WORK REQUIRED: Begin at the line that has "unnamed: R4.2, U2.6 (FREQ)", stop after the line that has "[picture b3bot: board main.brd from below]", and print exactly those lines from the records below, without any pictures.

GIVEN ENTRIES:
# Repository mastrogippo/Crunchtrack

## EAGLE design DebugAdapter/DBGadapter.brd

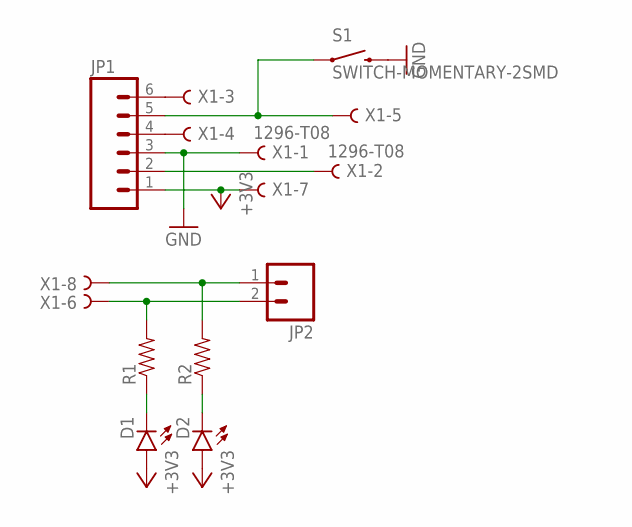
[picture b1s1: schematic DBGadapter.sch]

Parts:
D1, D2: LED0603; LED-0603
JP1: M06LOCK_LONGPADS; 1X06_LOCK_LONGPADS
JP2: M02LOCK_LONGPADS; 1X02_LOCK_LONGPADS
R1, R2: RESISTOR0805-RES; 0805
S1: SWITCH-MOMENTARY-2SMD; TACTILE-SWITCH-SMD
X1: 1296-T08; 1296-08

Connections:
+3V3: D1.A, D2.A, JP1.1, X1.7
GND: JP1.3, S1.3 (2), X1.1
unnamed: JP1.2, X1.2
unnamed: JP1.4, X1.4
unnamed: JP1.5, S1.1, X1.5
unnamed: JP1.6, X1.3
unnamed: JP2.1, R2.2, X1.8
unnamed: JP2.2, R1.2, X1.6
unnamed: D2.C, R2.1
unnamed: D1.C, R1.1

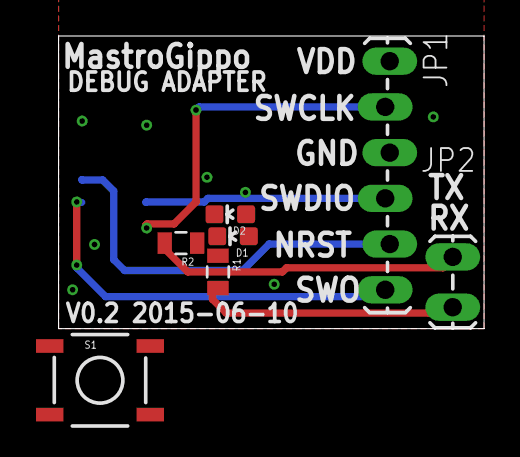
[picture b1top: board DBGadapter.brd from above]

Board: 2 copper layers, 23.6 x 16.3 mm, 8 parts (1 on the bottom side), 10 nets.

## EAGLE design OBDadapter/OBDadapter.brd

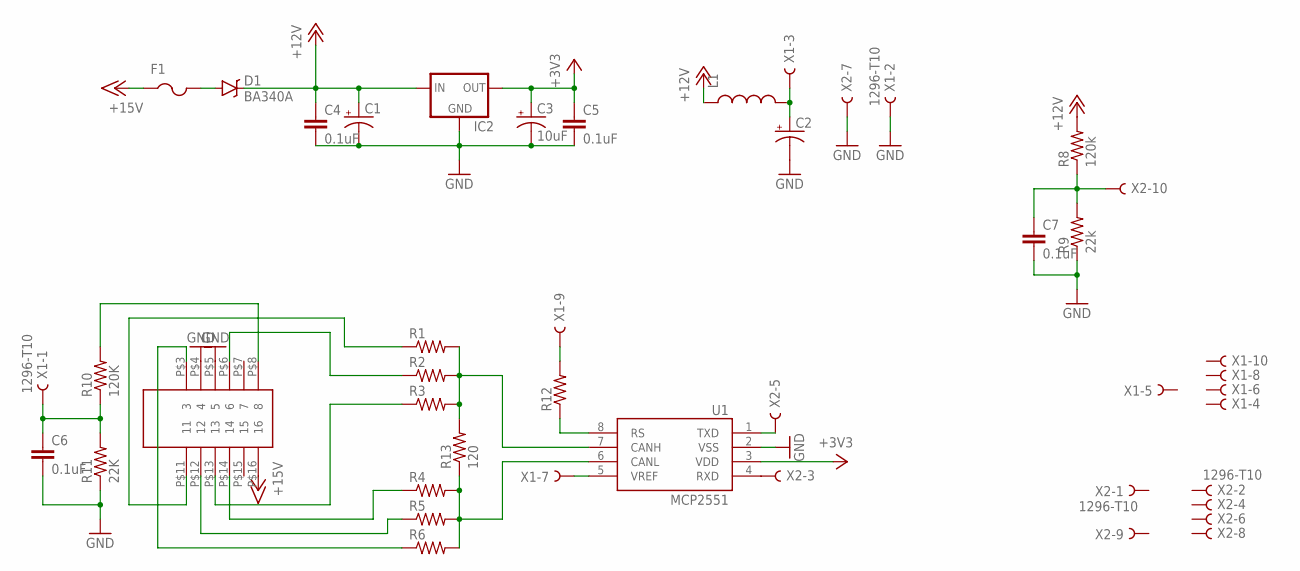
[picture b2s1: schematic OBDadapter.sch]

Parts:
C1: CAP_POL3528-KIT; EIA3528-KIT
C2: CAP_POL6032; EIA6032
C3: 10uF; EIA3528
C4, C5, C6, C7: 0.1uF; 0603-CAP
D1: BA340A; SMA-DIODE
F1: PTCFUSE-1206; R1206
IC2: V_REG_78XXSOT89; SOT89
L1: INDUCTOR1210; 1210
R1, R2, R3, R4, R5, R6, R12: RESISTOR0805-RES; 0805
R8: 120k; 0805
R9: 22k; 0805
R10: 120K; 0805
R11: 22K; 0805
R13: 120; 0805
U1: MCP2551; SO08
U$1: OBD-4
X1, X2: 1296-T10; 1296-10

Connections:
+3V3: C3.A (+), C5.1, IC2.1 (OUT), U1.3 (VDD)
+12V: C1.A (+), C4.1, D1.C, IC2.3 (IN), L1.1, R8.2
+15V: F1.1, U$1.P$16 (16)
GND: C1.C (-), C2.P$2 (-), C3.C (-), C4.2, C5.2, C6.2, C7.2, IC2.2 (GND), IC2.4 (GND), R9.1, R11.1, U1.2 (VSS), U$1.P$4 (4), U$1.P$5 (5), X1.2, X2.7
unnamed: R1.1, U$1.P$11 (11)
unnamed: R2.1, U$1.P$6 (6)
unnamed: R5.1, U$1.P$12 (12)
unnamed: R3.1, U$1.P$13 (13)
unnamed: R4.1, U$1.P$14 (14)
unnamed: R1.2, R2.2, R3.2, R13.2, U1.7 (CANH)
unnamed: R6.1, U$1.P$3 (3)
unnamed: U1.1 (TXD), X2.5
unnamed: U1.4 (RXD), X2.3
unnamed: R12.2, X1.9
unnamed: U1.5 (VREF), X1.7
unnamed: R4.2, R5.2, R6.2, R13.1, U1.6 (CANL)
unnamed: D1.A, F1.2
unnamed: R10.2, U$1.P$8 (8)
unnamed: C7.1, R8.1, R9.2, X2.10
unnamed: C6.1, R10.1, R11.2, X1.1
unnamed: R12.1, U1.8 (RS)
unnamed: C2.P$1 (+), L1.2, X1.3

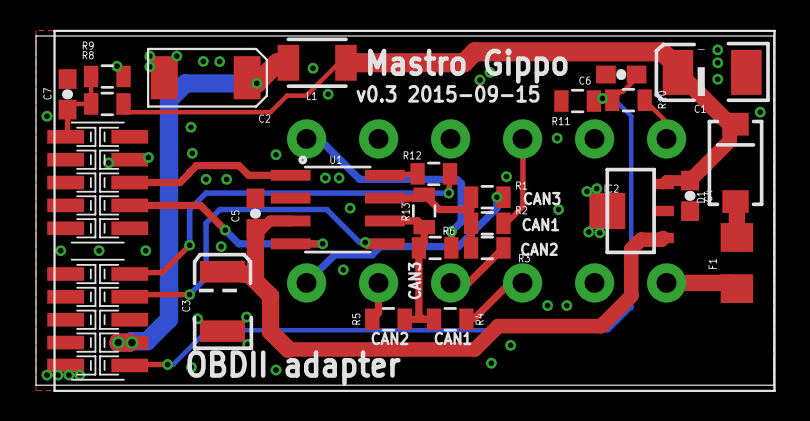
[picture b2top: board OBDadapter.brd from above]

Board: 2 copper layers, 41.0 x 19.4 mm, 28 parts (0 on the bottom side), 22 nets.

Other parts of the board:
U$2: OSHWLOGO_TOL_0.2

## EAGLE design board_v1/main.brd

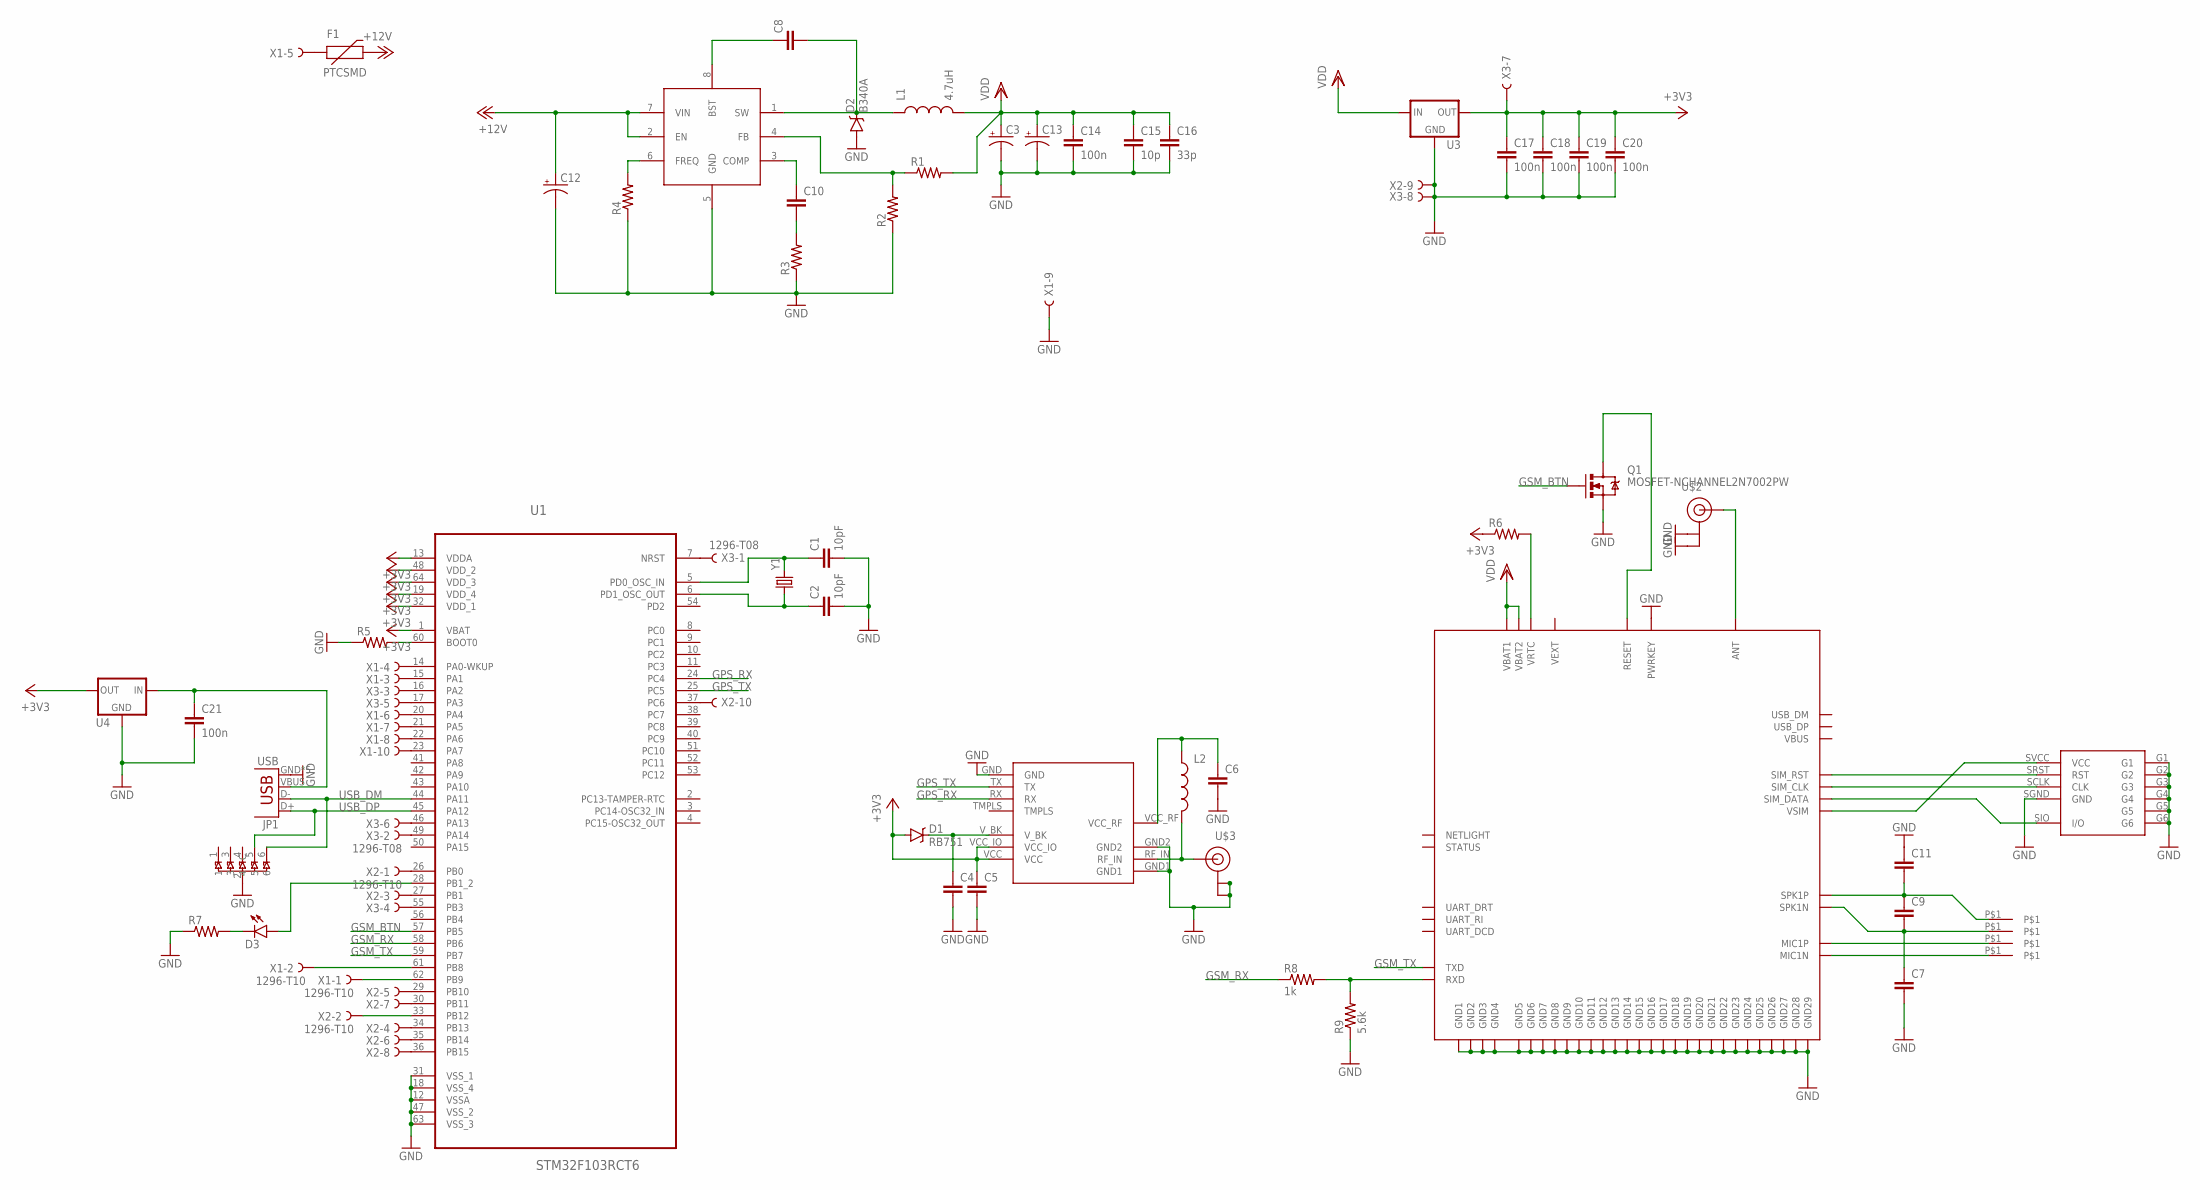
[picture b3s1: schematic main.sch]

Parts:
C1, C2: 10pF; 0603-CAP
C3, C13: CAP_POL6032; EIA6032
C4, C5: CAP1210; 1210
C6, C7, C9, C10, C11: CAP0402-CAP; 0402-CAP
C8: CAP0805; 0805
C12: CPOL-USSMCC; SMC_C
C14, C17, C18, C19, C20, C21: 100n; 0805
C15: 10p; 0402-CAP
C16: 33p; 0402-CAP
D1: RB751; SOD-523
D2: B340A; SMA-DIODE
D3: LED0603; LED-0603
F1: PTCSMD; PTC-1206
JP1: USB; USB-MICROB-2
L1: 4.7uH; CR75
L2: INDUCTOR0402; C0402
Q1: MOSFET-NCHANNEL2N7002PW; SOT323
R1, R2, R3, R4, R5, R6, R7: RESISTOR0402-RES; 0402-RES
R8: 1k; 0402-RES
R9: 5.6k; 0402-RES
U1: STM32F103RCT6; QFP50P1200X1200X160-64N
U2: MP1584; SO8
U3, U4: XC63FPM; SOT23
U5: SMF05C; SC70-6L
U$1: SIM800_MIN
U$2, U$3: U.FL; U.FL2
U$4: VK_GPS_U7_MIN
U$7: SIM_NOVPP; WURTH_NANO_SIM_NOVPP
U$8, U$9, U$13, U$14: PAD1
X1, X2: 1296-T10; 1296-10
X3: 1296-T08; 1296-08
Y1: CRYSTAL5X3; CRYSTAL-SMD-5X3

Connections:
+3V3: C5.1, C17.1, C18.1, C19.1, C20.1, D1.A, R6.1, U1.1 (VBAT), U1.13 (VDDA), U1.19 (VDD_4), U1.32 (VDD_1), U1.48 (VDD_2), U1.64 (VDD_3), U3.2 (OUT), U4.2 (OUT), U$4.VCC, U$4.VCC_IO, X3.7
+12V: C12.+, F1.2, U2.2 (EN), U2.7 (VIN)
GND: C1.2, C2.2, C3.P$2 (-), C4.2, C5.2, C6.2, C7.2, C11.1, C12.-, C13.P$2 (-), C14.2, C15.2, C16.2, C17.2, C18.2, C19.2, C20.2, C21.2, D2.A, JP1.GND, JP1.MT1 (GND), JP1.MT2 (GND), JP1.P$1 (GND), JP1.P$2 (GND), Q1.2 (S), R2.1, R3.1, R4.1, R5.1, R7.1, R9.1, U1.12 (VSSA), U1.18 (VSS_4), U1.31 (VSS_1), U1.47 (VSS_2), U1.63 (VSS_3), U2.5 (GND), U3.1 (GND), U4.1 (GND), U5.2 (C), U$1.P$2 (GND1), U$1.P$6 (GND2), U$1.P$8 (GND3), U$1.P$35 (GND29), U$1.P$37 (GND28), U$1.P$38 (GND27), U$1.P$39 (GND26), U$1.P$41 (GND25), U$1.P$43 (GND22), U$1.P$44 (GND23), U$1.P$45 (GND24), U$1.P$48 (PWRKEY), U$1.P$58 (GND4), U$1.P$67 (GND17), U$1.P$71 (GND18), U$1.P$72 (GND19), U$1.P$73 (GND20), U$1.P$76 (GND21), U$1.P$77 (GND5), U$1.P$78 (GND6), U$1.P$79 (GND7), U$1.P$80 (GND8), U$1.P$81 (GND9), U$1.P$82 (GND10), U$1.P$83 (GND11), U$1.P$84 (GND12), U$1.P$85 (GND13), U$1.P$86 (GND14), U$1.P$87 (GND15), U$1.P$88 (GND16), U$2.P$1 (GND), U$2.P$2 (GND), U$3.P$1 (GND), U$3.P$2 (GND), U$4.GND, U$4.GND1, U$4.GND2, U$7.G1, U$7.G2, U$7.G3, U$7.G4, U$7.G5, U$7.G6, U$7.SGND (GND), X1.9, X2.9, X3.8
GPS_RX: U1.24 (PC4), U$4.RX
GPS_TX: U1.25 (PC5), U$4.TX
GSM_BTN: Q1.1 (G), U1.57 (PB5)
GSM_RX: R8.1, U1.58 (PB6)
GSM_TX: U1.59 (PB7), U$1.P$32 (TXD)
unnamed: U$1.P$40 (ANT), U$2.P$3 (SIGNAL)
unnamed: C1.1, U1.5 (PD0_OSC_IN), Y1.3 (2)
unnamed: C2.1, U1.6 (PD1_OSC_OUT), Y1.1
unnamed: U1.16 (PA2), X3.3
unnamed: U1.17 (PA3), X3.5
unnamed: U1.7 (NRST), X3.1
unnamed: U1.55 (PB3), X3.4
unnamed: U1.49 (PA14), X3.2
unnamed: U1.46 (PA13), X3.6
unnamed: C7.1, C9.2, U$1.P$13 (SPK1N), U$9.P$1
unnamed: U$1.P$15 (SIM_RST), U$7.SRST (RST)
unnamed: U$1.P$55 (SIM_CLK), U$7.SCLK (CLK)
unnamed: U$1.P$14 (SIM_DATA), U$7.SIO (I/O)
unnamed: U$1.P$16 (VSIM), U$7.SVCC (VCC)
unnamed: C9.1, C11.2, U$1.P$53 (SPK1P), U$8.P$1
unnamed: U$1.P$52 (MIC1P), U$13.P$1
unnamed: U$1.P$12 (MIC1N), U$14.P$1
unnamed: L2.2, U$3.P$3 (SIGNAL), U$4.RF_IN
unnamed: Q1.3 (D), U$1.P$49 (RESET)
unnamed: U1.61 (PB8), X1.2
unnamed: C4.1, D1.C, U$4.V_BK
unnamed: C6.1, L2.1, U$4.VCC_RF
unnamed: U1.62 (PB9), X1.1
unnamed: C8.1, U2.8 (BST)
unnamed: C8.2, D2.C, L1.P$1 (1), U2.1 (SW)
unnamed: R5.2, U1.60 (BOOT0)
unnamed: C10.1, U2.3 (COMP)
unnamed: C10.2, R3.2
unnamed: R1.1, R2.2, U2.4 (FB)
unnamed: U1.15 (PA1), X1.3
unnamed: U1.14 (PA0-WKUP), X1.4
unnamed: U1.27 (PB1), X2.3
unnamed: U1.20 (PA4), X1.6
unnamed: U1.21 (PA5), X1.7
unnamed: R4.2, U2.6 (FREQ)
unnamed: U1.22 (PA6), X1.8
unnamed: U1.23 (PA7), X1.10
unnamed: U1.26 (PB0), X2.1
unnamed: U1.29 (PB10), X2.5
unnamed: U1.30 (PB11), X2.7
unnamed: U1.33 (PB12), X2.2
unnamed: U1.34 (PB13), X2.4
unnamed: U1.35 (PB14), X2.6
unnamed: U1.36 (PB15), X2.8
unnamed: U1.37 (PC6), X2.10
unnamed: F1.1, X1.5
unnamed: C21.1, JP1.VBUS, U4.3 (IN)
unnamed: R6.2, U$1.P$56 (VRTC)
unnamed: D3.A, U1.28 (PB1_2)
unnamed: D3.C, R7.2
unnamed: R8.2, R9.2, U$1.P$31 (RXD)
USB_DM: JP1.D-, U1.44 (PA11), U5.6
USB_DP: JP1.D+, U1.45 (PA12), U5.5
VDD: C3.P$1 (+), C13.P$1 (+), C14.1, C15.1, C16.1, L1.P$2 (2), R1.2, U3.3 (IN), U$1.P$1 (VBAT1), U$1.P$42 (VBAT2)

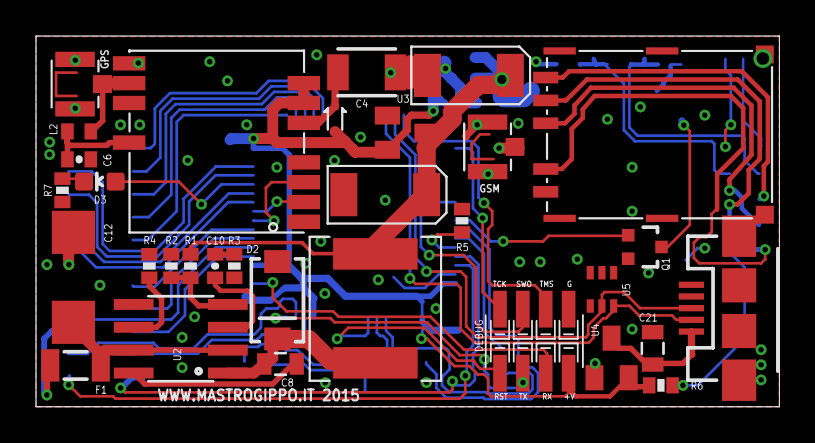
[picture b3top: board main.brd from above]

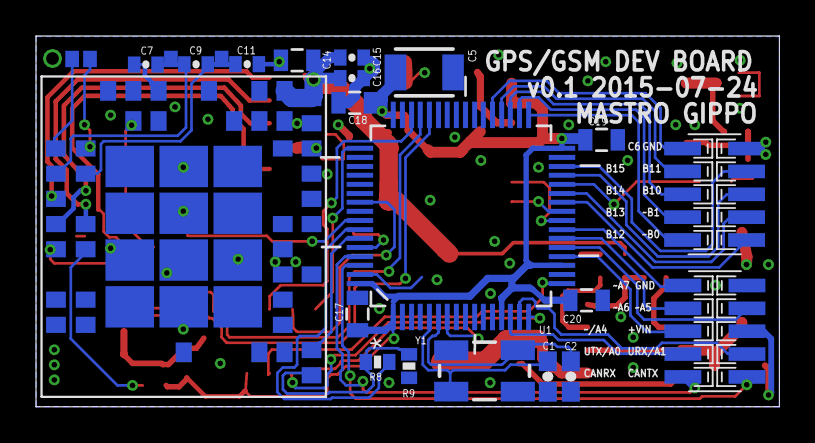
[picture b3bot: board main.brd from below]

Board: 2 copper layers, 41.3 x 20.6 mm, 56 parts (24 on the bottom side), 62 nets.

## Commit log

2015-08-17 :confetti_ball: Added .gitattributes & .gitignore files
2015-08-17 + schematics
2015-09-15 Added OBD adapter
2015-09-19 Added debug adapter board

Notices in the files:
parts and their libraries:
SparkFun-Connectors: Licensing: Creative Commons ShareAlike 4.0 International - https://creativecommons.org/licenses/by-sa/4.0

ANSWER TO THE EXERCISE:
unnamed: R4.2, U2.6 (FREQ)
unnamed: U1.22 (PA6), X1.8
unnamed: U1.23 (PA7), X1.10
unnamed: U1.26 (PB0), X2.1
unnamed: U1.29 (PB10), X2.5
unnamed: U1.30 (PB11), X2.7
unnamed: U1.33 (PB12), X2.2
unnamed: U1.34 (PB13), X2.4
unnamed: U1.35 (PB14), X2.6
unnamed: U1.36 (PB15), X2.8
unnamed: U1.37 (PC6), X2.10
unnamed: F1.1, X1.5
unnamed: C21.1, JP1.VBUS, U4.3 (IN)
unnamed: R6.2, U$1.P$56 (VRTC)
unnamed: D3.A, U1.28 (PB1_2)
unnamed: D3.C, R7.2
unnamed: R8.2, R9.2, U$1.P$31 (RXD)
USB_DM: JP1.D-, U1.44 (PA11), U5.6
USB_DP: JP1.D+, U1.45 (PA12), U5.5
VDD: C3.P$1 (+), C13.P$1 (+), C14.1, C15.1, C16.1, L1.P$2 (2), R1.2, U3.3 (IN), U$1.P$1 (VBAT1), U$1.P$42 (VBAT2)

[picture b3top: board main.brd from above]

[picture b3bot: board main.brd from below]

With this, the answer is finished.